Charles Personnaz – C’est une grande satisfaction de voir ce projet assez ancien saisi aujourd’hui par Laurence des Cars. Actuellement conservées dans diverses sections du Louvre, les collections relatives à Byzance et au christianisme oriental devraient donc être réunies dans un même département. L’objectif étant de pouvoir donner des repères au public, français et international, en rattachant tous ces objets (par exemple, la plaque d’argent de saint Siméon le Stylite) à la civilisation qui les a vus naître.
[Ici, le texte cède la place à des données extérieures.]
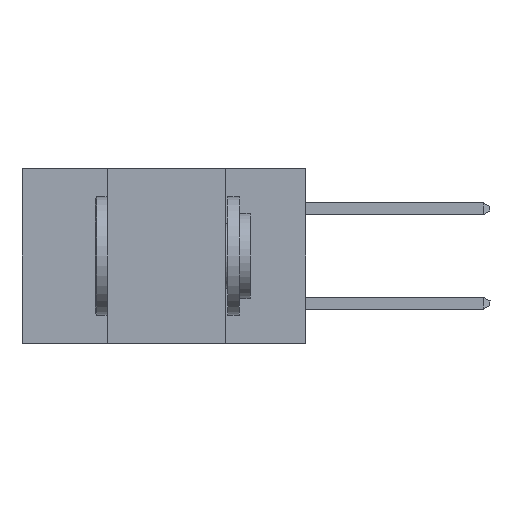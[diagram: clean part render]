
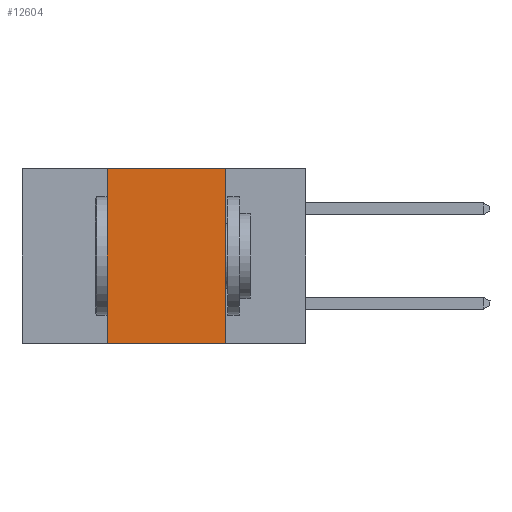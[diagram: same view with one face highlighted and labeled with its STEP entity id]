
A CAD part, left-side view. The second image highlights one B-rep face of the part: STEP entity #12604.
In plain terms, the highlighted planar face has unit normal (-1, 0, 0).
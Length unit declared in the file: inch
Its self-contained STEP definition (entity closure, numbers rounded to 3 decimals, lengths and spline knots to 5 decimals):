
#349 = AXIS2_PLACEMENT_3D ( 'NONE', #2197, #1870, #1707 ) ;
#575 = LINE ( 'NONE', #13651, #10310 ) ;
#680 = CARTESIAN_POINT ( 'NONE',  ( 0., 0.42, -0.37 ) ) ;
#699 = VERTEX_POINT ( 'NONE', #11332 ) ;
#847 = VERTEX_POINT ( 'NONE', #10150 ) ;
#1707 = DIRECTION ( 'NONE',  ( 0., 0., -1. ) ) ;
#1870 = DIRECTION ( 'NONE',  ( 1., 0., 0. ) ) ;
#1969 = PLANE ( 'NONE',  #349 ) ;
#2197 = CARTESIAN_POINT ( 'NONE',  ( 0., 0.6, 0. ) ) ;
#2796 = LINE ( 'NONE', #11590, #15895 ) ;
#3187 = FACE_OUTER_BOUND ( 'NONE', #6419, .T. ) ;
#4906 = ORIENTED_EDGE ( 'NONE', *, *, #13005, .F. ) ;
#5146 = VERTEX_POINT ( 'NONE', #680 ) ;
#5477 = ORIENTED_EDGE ( 'NONE', *, *, #10544, .T. ) ;
#6419 = EDGE_LOOP ( 'NONE', ( #10478, #4906, #11640, #5477 ) ) ;
#7002 = DIRECTION ( 'NONE',  ( 0., 0., -1. ) ) ;
#7024 = CARTESIAN_POINT ( 'NONE',  ( 0., 0.17, -0.37 ) ) ;
#7858 = DIRECTION ( 'NONE',  ( 0., -1., 0. ) ) ;
#8272 = CARTESIAN_POINT ( 'NONE',  ( 0., 0.6, -0.37 ) ) ;
#9461 = VECTOR ( 'NONE', #7002, 39.37008 ) ;
#9867 = LINE ( 'NONE', #7024, #9461 ) ;
#10150 = CARTESIAN_POINT ( 'NONE',  ( 0., 0.42, 0. ) ) ;
#10310 = VECTOR ( 'NONE', #13665, 39.37008 ) ;
#10478 = ORIENTED_EDGE ( 'NONE', *, *, #13791, .F. ) ;
#10544 = EDGE_CURVE ( 'NONE', #5146, #699, #12862, .T. ) ;
#10962 = VERTEX_POINT ( 'NONE', #15160 ) ;
#11332 = CARTESIAN_POINT ( 'NONE',  ( 0., 0.17, -0.37 ) ) ;
#11582 = DIRECTION ( 'NONE',  ( 0., 0., 1. ) ) ;
#11590 = CARTESIAN_POINT ( 'NONE',  ( 0., 0.42, -0.37 ) ) ;
#11640 = ORIENTED_EDGE ( 'NONE', *, *, #12178, .F. ) ;
#12178 = EDGE_CURVE ( 'NONE', #5146, #847, #2796, .T. ) ;
#12452 = VECTOR ( 'NONE', #7858, 39.37008 ) ;
#12604 = ADVANCED_FACE ( 'NONE', ( #3187 ), #1969, .F. ) ;
#12862 = LINE ( 'NONE', #8272, #12452 ) ;
#13005 = EDGE_CURVE ( 'NONE', #847, #10962, #575, .T. ) ;
#13651 = CARTESIAN_POINT ( 'NONE',  ( 0., 0.6, 0. ) ) ;
#13665 = DIRECTION ( 'NONE',  ( 0., -1., 0. ) ) ;
#13791 = EDGE_CURVE ( 'NONE', #10962, #699, #9867, .T. ) ;
#15160 = CARTESIAN_POINT ( 'NONE',  ( 0., 0.17, 0. ) ) ;
#15895 = VECTOR ( 'NONE', #11582, 39.37008 ) ;

Il est vrai que les événements qui ont touché le Moyen-Orient ces dernières années – les destructions de patrimoine dues aux guerres, mais aussi l’urbanisation et la pression démographique croissantes –, ont renforcé ce besoin.
P. N.-D. – Quel est l’intérêt d’un tel département ? N’est-ce pas accentuer une séparation des cultures et des religions ?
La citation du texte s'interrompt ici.